- [WHAT YOU HAVE TO DO]
Count the lines below that hold the word "ezdxf" and say how many, with no other text.
%%
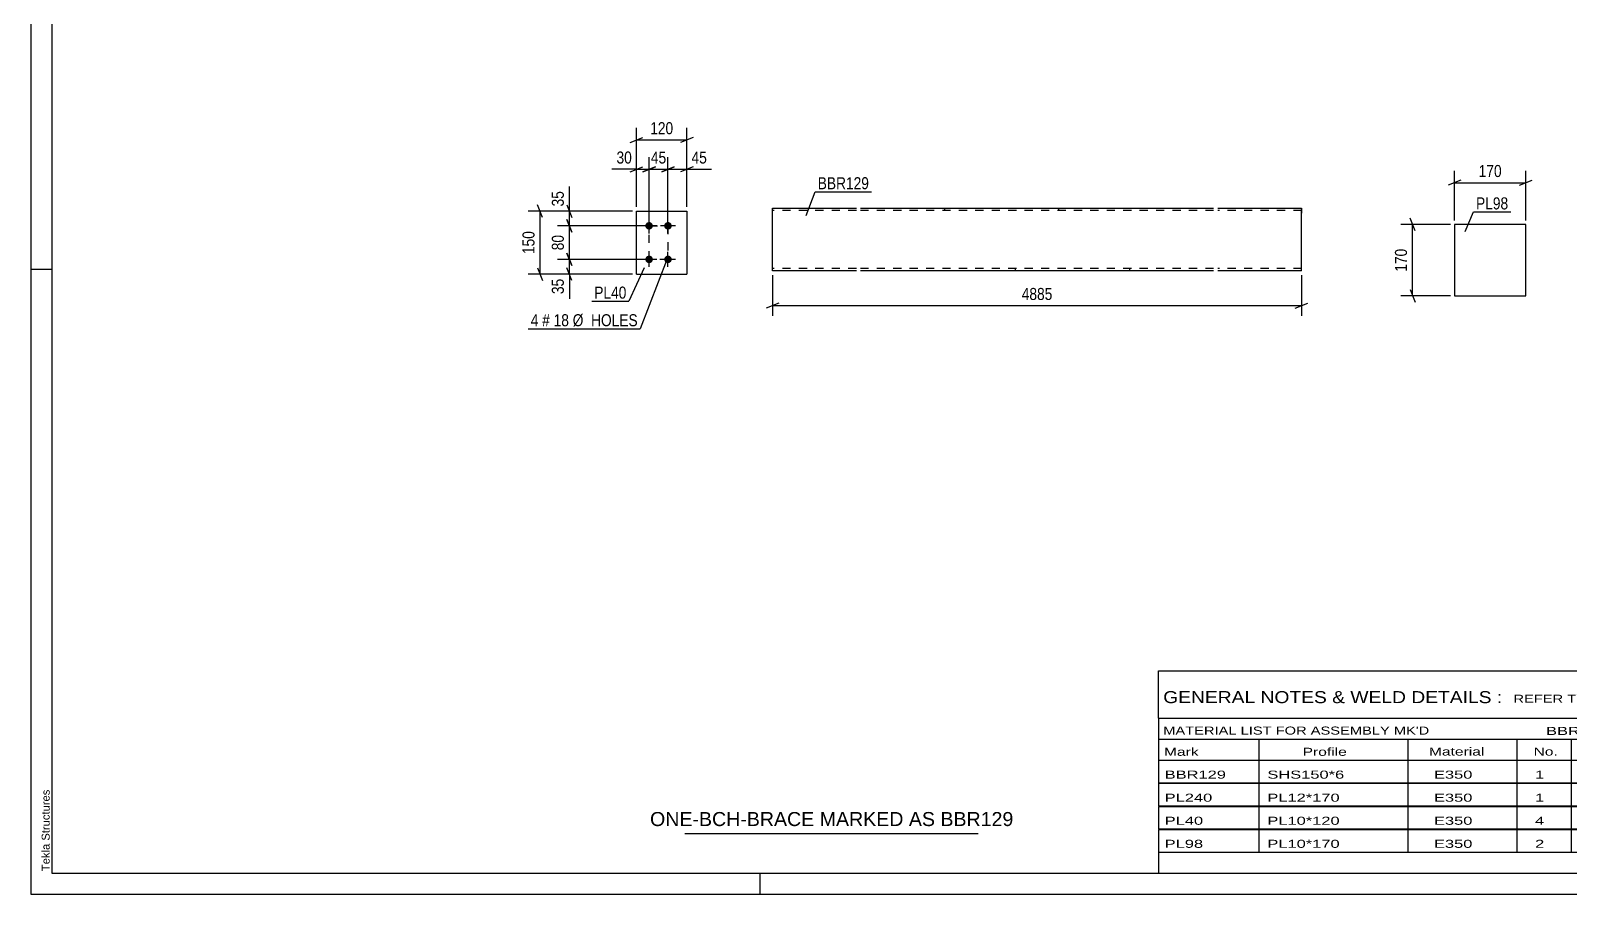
# Model space of a CAD drawing. Header units: millimetres. Extents: x 0 to 594, y 0 to 420.
# Drawn here: x 0 to 367.2, y 0 to 205.9 of the extents above; entities that cross this region are included whole.
import ezdxf

# ---------------------------------------------------------------- set-up
doc = ezdxf.new("R2010")
doc.units = ezdxf.units.MM
doc.linetypes.add('DXK_LINE_DOT2', pattern=[3.9198, 1.9599, -1.9599])
doc.styles.add('Arial', font='ARIAL.TTF', dxfattribs={"height": 0.2})
doc.styles.add('Arial Narrow', font='ARIALN.TTF', dxfattribs={"height": 0.2})

# ---------------------------------------------------------------- blocks, each defined once
blk = doc.blocks.new('Unknown-580610699-1130')
at = {"color": 5, "linetype": 'Continuous'}
for p, q in [((0, 420), (0, 0)), ((5, 415), (5, 5)), ((5, 149), (0, 149)), ((5, 5), (589, 5)), ((174, 0), (174, 5)), ((0, 0), (594, 0))]:
    blk.add_line(p, q, dxfattribs=at)
at = {"color": 174, "linetype": 'Continuous', "style": 'Arial'}
blk.add_text('Tekla Structures', height=1.9102, rotation=90, dxfattribs=at).set_placement((4.5, 5.5))
blk = doc.blocks.new('Part-580610699-2167 - 2161')
at = {"color": 2, "linetype": 'Continuous'}
for p, q in [((144.51, 147.88), (144.51, 162.88)), ((144.51, 162.88), (156.51, 162.88)), ((156.51, 162.88), (156.51, 147.88)), ((144.51, 147.88), (144.51, 147.88)), ((144.51, 147.88), (156.51, 147.88)), ((156.51, 147.88), (156.51, 147.88))]:
    blk.add_line(p, q, dxfattribs=at)
at = {"color": 7, "linetype": 'DXK_LINE_DOT2'}
for p, q in [((144.51, 162.88), (156.51, 162.88)), ((144.51, 147.88), (156.51, 147.88))]:
    blk.add_line(p, q, dxfattribs=at)
blk = doc.blocks.new('Bolt-580610699-2200 - 2161')
at = {"linetype": 'Continuous'}
for points in [[(147.51, 160.28), (147.7, 160.26), (147.87, 160.2), (148.04, 160.11), (148.18, 159.98), (148.29, 159.83), (148.36, 159.66), (148.4, 159.47), (148.4, 159.28), (148.36, 159.1), (148.29, 158.93), (148.18, 158.78), (148.04, 158.65), (147.87, 158.56), (147.7, 158.5), (147.51, 158.48), (147.32, 158.5), (147.14, 158.56), (146.98, 158.65), (146.84, 158.78), (146.73, 158.93), (146.65, 159.1), (146.61, 159.28), (146.61, 159.47), (146.65, 159.66), (146.73, 159.83), (146.84, 159.98), (146.98, 160.11), (147.14, 160.2), (147.32, 160.26)], [(152.01, 160.28), (152.2, 160.26), (152.37, 160.2), (152.54, 160.11), (152.68, 159.98), (152.79, 159.83), (152.86, 159.66), (152.9, 159.47), (152.9, 159.28), (152.86, 159.1), (152.79, 158.93), (152.68, 158.78), (152.54, 158.65), (152.37, 158.56), (152.2, 158.5), (152.01, 158.48), (151.82, 158.5), (151.64, 158.56), (151.48, 158.65), (151.34, 158.78), (151.23, 158.93), (151.15, 159.1), (151.11, 159.28), (151.11, 159.47), (151.15, 159.66), (151.23, 159.83), (151.34, 159.98), (151.48, 160.11), (151.64, 160.2), (151.82, 160.26)], [(147.51, 152.28), (147.7, 152.26), (147.87, 152.2), (148.04, 152.11), (148.18, 151.98), (148.29, 151.83), (148.36, 151.66), (148.4, 151.47), (148.4, 151.28), (148.36, 151.1), (148.29, 150.93), (148.18, 150.78), (148.04, 150.65), (147.87, 150.56), (147.7, 150.5), (147.51, 150.48), (147.32, 150.5), (147.14, 150.56), (146.98, 150.65), (146.84, 150.78), (146.73, 150.93), (146.65, 151.1), (146.61, 151.28), (146.61, 151.47), (146.65, 151.66), (146.73, 151.83), (146.84, 151.98), (146.98, 152.11), (147.14, 152.2), (147.32, 152.26)], [(152.01, 152.28), (152.2, 152.26), (152.37, 152.2), (152.54, 152.11), (152.68, 151.98), (152.79, 151.83), (152.86, 151.66), (152.9, 151.47), (152.9, 151.28), (152.86, 151.1), (152.79, 150.93), (152.68, 150.78), (152.54, 150.65), (152.37, 150.56), (152.2, 150.5), (152.01, 150.48), (151.82, 150.5), (151.64, 150.56), (151.48, 150.65), (151.34, 150.78), (151.23, 150.93), (151.15, 151.1), (151.11, 151.28), (151.11, 151.47), (151.15, 151.66), (151.23, 151.83), (151.34, 151.98), (151.48, 152.11), (151.64, 152.2), (151.82, 152.26)]]:
    blk.add_hatch(color=1, dxfattribs=at).paths.add_polyline_path(points)
at = {"color": 1, "linetype": 'Continuous'}
for p, q in [((149.31, 159.38), (145.71, 159.38)), ((147.51, 157.58), (147.51, 161.18)), ((153.81, 159.38), (150.21, 159.38)), ((152.01, 157.58), (152.01, 161.18)), ((149.31, 151.38), (145.71, 151.38)), ((147.51, 149.58), (147.51, 153.18)), ((153.81, 151.38), (150.21, 151.38)), ((152.01, 149.58), (152.01, 153.18))]:
    blk.add_line(p, q, dxfattribs=at)
blk = doc.blocks.new('Part-580610699-2404 - 2398')
at = {"color": 2, "linetype": 'Continuous'}
for p, q in [((356.65, 159.67), (339.65, 159.67)), ((339.65, 159.67), (339.65, 142.67)), ((356.65, 142.67), (356.65, 159.67)), ((339.65, 142.67), (356.65, 142.67))]:
    blk.add_line(p, q, dxfattribs=at)
blk = doc.blocks.new('Part-580610699-2436 - 2428')
at = {"color": 2, "linetype": 'Continuous'}
for p, q in [((176.95, 148.71), (176.95, 163.62)), ((176.95, 163.62), (196.95, 163.62)), ((197.95, 163.62), (282.16, 163.62)), ((283.16, 163.62), (303.16, 163.62)), ((303.16, 163.62), (303.16, 163.52)), ((303.16, 163.52), (303.16, 162.42)), ((303.16, 148.62), (303.16, 162.42)), ((176.95, 148.62), (176.95, 148.71)), ((196.95, 148.62), (176.95, 148.62)), ((282.16, 148.62), (197.95, 148.62)), ((303.16, 148.62), (283.16, 148.62))]:
    blk.add_line(p, q, dxfattribs=at)
at = {"color": 7, "linetype": 'DXK_LINE_DOT2'}
for p, q in [((196.95, 163.02), (176.95, 163.02)), ((282.16, 163.02), (197.95, 163.02)), ((217.95, 163.62), (217.95, 163.02)), ((245.16, 163.62), (245.16, 163.02)), ((303.16, 163.02), (283.16, 163.02)), ((303.16, 162.42), (303.16, 163.26)), ((176.95, 149.22), (176.95, 149.26)), ((196.95, 149.22), (176.95, 149.22)), ((176.95, 148.62), (176.95, 148.62)), ((282.16, 149.22), (197.95, 149.22)), ((234.95, 148.62), (234.95, 149.22)), ((262.16, 148.62), (262.16, 149.22)), ((303.16, 149.22), (283.16, 149.22)), ((303.16, 149.22), (303.16, 149.26))]:
    blk.add_line(p, q, dxfattribs=at)
blk = doc.blocks.new('Rectangle-580610699-2384 - 2161')
at = {"color": 1, "linetype": 'DXK_LINE_DOT2'}
blk.add_lwpolyline([(147.51, 159.38), (152.01, 159.38), (152.01, 151.38), (147.51, 151.38), (147.51, 159.38)], close=True, dxfattribs=at)
blk = doc.blocks.new('StraightDimension-580610699-2344 - 2161')
at = {"color": 7, "linetype": 'Continuous'}
for p, q in [((146.01, 172.28), (149.01, 173.48)), ((147.51, 160.38), (147.51, 175.73)), ((147.51, 172.88), (152.01, 172.88)), ((153.51, 173.48), (150.51, 172.28)), ((152.01, 160.38), (152.01, 175.73))]:
    blk.add_line(p, q, dxfattribs=at)
at = {"color": 0}
blk.add_wipeout([(152.19, 173.63), (152.19, 177.83), (147.33, 177.83), (147.33, 173.63)], dxfattribs=at)
at = {"color": 3, "style": 'Arial Narrow'}
blk.add_text('45', height=2.863, dxfattribs=at).set_placement((147.93, 174.23))
blk = doc.blocks.new('StraightDimension-580610699-2300 - 2161')
at = {"color": 7, "linetype": 'Continuous'}
for p, q in [((143.51, 162.88), (125.66, 162.88)), ((127.91, 164.38), (129.11, 161.38)), ((128.51, 159.38), (128.51, 162.88)), ((146.51, 159.38), (125.66, 159.38)), ((129.11, 157.88), (127.91, 160.88))]:
    blk.add_line(p, q, dxfattribs=at)
at = {"color": 0}
blk.add_wipeout([(127.76, 168.26), (123.56, 168.26), (123.56, 163.4), (127.76, 163.4)], dxfattribs=at)
at = {"color": 7, "linetype": 'Continuous'}
blk.add_line((128.51, 162.88), (128.51, 168.78), dxfattribs=at)
blk.add_line((128.51, 162.88), (128.51, 168.78), dxfattribs=at)
at = {"color": 3, "style": 'Arial Narrow'}
blk.add_text('35', height=2.863, rotation=90.0002, dxfattribs=at).set_placement((127.16, 164))
blk = doc.blocks.new('StraightDimension-580610699-2277 - 2161')
at = {"color": 7, "linetype": 'Continuous'}
for p, q in [((146.51, 151.38), (125.66, 151.38)), ((127.91, 152.88), (129.11, 149.88)), ((128.51, 147.88), (128.51, 151.38)), ((143.51, 147.88), (125.66, 147.88)), ((129.11, 146.38), (127.91, 149.38))]:
    blk.add_line(p, q, dxfattribs=at)
at = {"color": 0}
blk.add_wipeout([(127.76, 147.35), (123.56, 147.35), (123.56, 142.5), (127.76, 142.5)], dxfattribs=at)
at = {"color": 7, "linetype": 'Continuous'}
blk.add_line((128.51, 147.88), (128.51, 141.97), dxfattribs=at)
blk.add_line((128.51, 147.88), (128.51, 141.97), dxfattribs=at)
at = {"color": 3, "style": 'Arial Narrow'}
blk.add_text('35', height=2.863, rotation=90.0002, dxfattribs=at).set_placement((127.16, 143.1))
blk = doc.blocks.new('StraightDimension-580610699-2290 - 2161')
at = {"color": 7, "linetype": 'Continuous'}
for p, q in [((146.51, 159.38), (125.66, 159.38)), ((127.91, 160.88), (129.11, 157.88)), ((128.51, 151.38), (128.51, 159.38)), ((146.51, 151.38), (125.66, 151.38)), ((129.11, 149.88), (127.91, 152.88))]:
    blk.add_line(p, q, dxfattribs=at)
at = {"color": 0}
blk.add_wipeout([(127.76, 157.81), (123.56, 157.81), (123.56, 152.95), (127.76, 152.95)], dxfattribs=at)
at = {"color": 3, "style": 'Arial Narrow'}
blk.add_text('80', height=2.863, rotation=90.0002, dxfattribs=at).set_placement((127.16, 153.55))
blk = doc.blocks.new('StraightDimension-580610699-2314 - 2161')
at = {"color": 7, "linetype": 'Continuous'}
for p, q in [((143.51, 162.88), (118.66, 162.88)), ((122.11, 161.38), (120.91, 164.38)), ((121.51, 147.88), (121.51, 162.88)), ((143.51, 147.88), (118.66, 147.88)), ((120.91, 149.38), (122.11, 146.38))]:
    blk.add_line(p, q, dxfattribs=at)
at = {"color": 0}
blk.add_wipeout([(120.76, 158.72), (116.56, 158.72), (116.56, 152.04), (120.76, 152.04)], dxfattribs=at)
at = {"color": 3, "style": 'Arial Narrow'}
blk.add_text('150', height=2.863, rotation=90.0002, dxfattribs=at).set_placement((120.16, 152.64))
blk = doc.blocks.new('StraightDimension-580610699-2331 - 2161')
at = {"color": 7, "linetype": 'Continuous'}
for p, q in [((143.01, 172.28), (146.01, 173.48)), ((144.51, 163.88), (144.51, 175.73)), ((144.51, 172.88), (147.51, 172.88)), ((149.01, 173.48), (146.01, 172.28)), ((147.51, 160.38), (147.51, 175.73))]:
    blk.add_line(p, q, dxfattribs=at)
at = {"color": 0}
blk.add_wipeout([(143.98, 173.63), (143.98, 177.83), (139.13, 177.83), (139.13, 173.63)], dxfattribs=at)
at = {"color": 7, "linetype": 'Continuous'}
blk.add_line((144.51, 172.88), (138.6, 172.88), dxfattribs=at)
blk.add_line((144.51, 172.88), (138.6, 172.88), dxfattribs=at)
at = {"color": 3, "style": 'Arial Narrow'}
blk.add_text('30', height=2.863, dxfattribs=at).set_placement((139.73, 174.23))
blk = doc.blocks.new('StraightDimension-580610699-2354 - 2161')
at = {"color": 7, "linetype": 'Continuous'}
for p, q in [((150.51, 172.28), (153.51, 173.48)), ((152.01, 160.38), (152.01, 175.73)), ((152.01, 172.88), (156.51, 172.88)), ((158.01, 173.48), (155.01, 172.28)), ((156.51, 163.88), (156.51, 175.73))]:
    blk.add_line(p, q, dxfattribs=at)
at = {"color": 0}
blk.add_wipeout([(161.89, 173.63), (161.89, 177.83), (157.03, 177.83), (157.03, 173.63)], dxfattribs=at)
at = {"color": 7, "linetype": 'Continuous'}
blk.add_line((156.51, 172.88), (162.41, 172.88), dxfattribs=at)
blk.add_line((156.51, 172.88), (162.41, 172.88), dxfattribs=at)
at = {"color": 3, "style": 'Arial Narrow'}
blk.add_text('45', height=2.863, dxfattribs=at).set_placement((157.63, 174.23))
blk = doc.blocks.new('StraightDimension-580610699-2368 - 2161')
at = {"color": 7, "linetype": 'Continuous'}
for p, q in [((143.01, 179.28), (146.01, 180.48)), ((144.51, 163.88), (144.51, 182.73)), ((158.01, 180.48), (155.01, 179.28)), ((156.51, 163.88), (156.51, 182.73)), ((144.51, 179.88), (156.51, 179.88))]:
    blk.add_line(p, q, dxfattribs=at)
at = {"color": 0}
blk.add_wipeout([(153.85, 180.63), (153.85, 184.83), (147.17, 184.83), (147.17, 180.63)], dxfattribs=at)
at = {"color": 3, "style": 'Arial Narrow'}
blk.add_text('120', height=2.863, dxfattribs=at).set_placement((147.77, 181.23))
blk = doc.blocks.new('StraightDimension-580610699-2406 - 2398')
at = {"color": 7, "linetype": 'Continuous'}
for p, q in [((341.15, 170.27), (338.15, 169.07)), ((339.65, 160.67), (339.65, 172.52)), ((339.65, 169.67), (356.65, 169.67)), ((355.15, 169.07), (358.15, 170.27)), ((356.65, 160.67), (356.65, 172.52))]:
    blk.add_line(p, q, dxfattribs=at)
at = {"color": 0}
blk.add_wipeout([(351.49, 170.42), (351.49, 174.62), (344.81, 174.62), (344.81, 170.42)], dxfattribs=at)
at = {"color": 3, "style": 'Arial Narrow'}
blk.add_text('170', height=2.863, dxfattribs=at).set_placement((345.41, 171.02))
blk = doc.blocks.new('StraightDimension-580610699-2417 - 2398')
at = {"color": 7, "linetype": 'Continuous'}
for p, q in [((338.65, 159.67), (326.8, 159.67)), ((330.25, 158.17), (329.05, 161.17)), ((329.65, 142.67), (329.65, 159.67)), ((329.05, 144.17), (330.25, 141.17)), ((338.65, 142.67), (326.8, 142.67))]:
    blk.add_line(p, q, dxfattribs=at)
at = {"color": 0}
blk.add_wipeout([(328.9, 154.51), (324.7, 154.51), (324.7, 147.83), (328.9, 147.83)], dxfattribs=at)
at = {"color": 3, "style": 'Arial Narrow'}
blk.add_text('170', height=2.863, rotation=90.0002, dxfattribs=at).set_placement((328.3, 148.43))
blk = doc.blocks.new('StraightDimension-580610699-2441 - 2428')
at = {"color": 7, "linetype": 'Continuous'}
for p, q in [((176.95, 147.62), (176.95, 137.95)), ((303.16, 147.62), (303.16, 137.95)), ((178.45, 140.95), (175.45, 139.75)), ((176.95, 140.35), (303.16, 140.35)), ((301.66, 139.75), (304.66, 140.95))]:
    blk.add_line(p, q, dxfattribs=at)
at = {"color": 0}
blk.add_wipeout([(244.31, 141.1), (244.31, 145.3), (235.8, 145.3), (235.8, 141.1)], dxfattribs=at)
at = {"color": 3, "style": 'Arial Narrow'}
blk.add_text('4885', height=2.863, dxfattribs=at).set_placement((236.4, 141.7))
blk = doc.blocks.new('Unknown-580610699-4499')
at = {"color": 7, "linetype": 'Continuous'}
for p, q in [((269, 53.25), (429, 53.25)), ((269, 42), (269, 53.25)), ((429, 53.25), (429, 42)), ((269, 42), (429, 42)), ((269, 42), (269, 37)), ((429, 42), (429, 37)), ((269, 37), (429, 37)), ((269, 37), (269, 32)), ((293, 37), (293, 32)), ((328.5, 37), (328.5, 32)), ((354.5, 37), (354.5, 32)), ((367.5, 37), (367.5, 32)), ((385, 37), (385, 32)), ((407, 37), (407, 32)), ((429, 37), (429, 32)), ((269, 32), (429, 32)), ((269, 31.95), (269, 26.55)), ((269, 31.95), (429, 31.95)), ((293, 32), (293, 26.5)), ((328.5, 32), (328.5, 26.5)), ((354.5, 32), (354.5, 26.5)), ((367.5, 32), (367.5, 26.5)), ((385, 32), (385, 26.5)), ((407, 32), (407, 26.5)), ((429, 31.95), (429, 26.55)), ((269, 26.55), (429, 26.55)), ((269, 26.45), (269, 21.05)), ((269, 26.45), (429, 26.45)), ((293, 26.5), (293, 21)), ((328.5, 26.5), (328.5, 21)), ((354.5, 26.5), (354.5, 21)), ((367.5, 26.5), (367.5, 21)), ((385, 26.5), (385, 21)), ((407, 26.5), (407, 21)), ((429, 26.45), (429, 21.05)), ((269, 21.05), (429, 21.05)), ((269, 20.95), (269, 15.55)), ((269, 20.95), (429, 20.95)), ((293, 21), (293, 15.5)), ((328.5, 21), (328.5, 15.5)), ((354.5, 21), (354.5, 15.5)), ((367.5, 21), (367.5, 15.5)), ((385, 21), (385, 15.5)), ((407, 21), (407, 15.5)), ((429, 20.95), (429, 15.55)), ((269, 15.55), (429, 15.55)), ((269, 15.45), (269, 10.05)), ((269, 15.45), (429, 15.45)), ((293, 15.5), (293, 10)), ((328.5, 15.5), (328.5, 10)), ((354.5, 15.5), (354.5, 10)), ((367.5, 15.5), (367.5, 10)), ((385, 15.5), (385, 10)), ((407, 15.5), (407, 10)), ((429, 15.45), (429, 10.05)), ((269, 10.05), (429, 10.05)), ((269, 10), (429, 10)), ((269, 10), (269, 5)), ((385, 10), (385, 5)), ((407, 10), (407, 5)), ((429, 10), (429, 5)), ((269, 5), (429, 5))]:
    blk.add_line(p, q, dxfattribs=at)
at = {"color": 7, "style": 'Arial Narrow'}
for s, height, width, p in [('GENERAL NOTES & WELD DETAILS :', 2.8633, 1.4, (270.15, 45.56)), ('REFER TYP DRAWING TYP-01', 1.9089, 1.6, (353.7, 45.66)), ("MATERIAL LIST FOR ASSEMBLY MK'D", 1.9089, 1.6, (270.15, 38.06)), ('BBR129', 1.909, 1.794707, (361.48, 37.97)), ('1', 1.91, 1.794707, (391.08, 38.06)), ('No. Required', 1.9089, 1.6, (400.41, 38.06)), ('Mark', 1.909, 1.7, (270.34, 33)), ('Profile', 1.909, 1.7, (303.41, 33)), ('Material', 1.909, 1.7, (333.54, 33.06)), ('No.', 1.909, 1.7, (358.5, 33.06)), ('Length', 1.909, 1.7, (369, 33.06)), ('Area', 1.909, 1.7, (391.5, 33.06)), ('Weight', 1.909, 1.7, (411, 33.06))]:
    blk.add_text(s, height=height, dxfattribs=dict(at, width=width)).set_placement(p)
at = {"color": 7, "linetype": 'Continuous', "style": 'Arial Narrow'}
for s, height, width, p in [('BBR129', 1.909, 1.794707, (270.5, 27.56)), ('SHS150*6', 1.909, 1.794707, (295, 27.56)), ('E350', 1.909, 1.794707, (334.74, 27.56)), ('1', 1.91, 1.794707, (358.86, 27.56)), ('4885', 1.909, 1.794707, (371.58, 27.56)), ('2.9', 1.909, 1.794707, (395.32, 27.56)), ('132.2', 1.909, 1.794707, (411.96, 27.56)), ('PL240', 1.909, 1.794707, (270.5, 22.06)), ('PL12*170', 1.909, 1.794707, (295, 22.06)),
%%
- [ANSWER SECTION]
3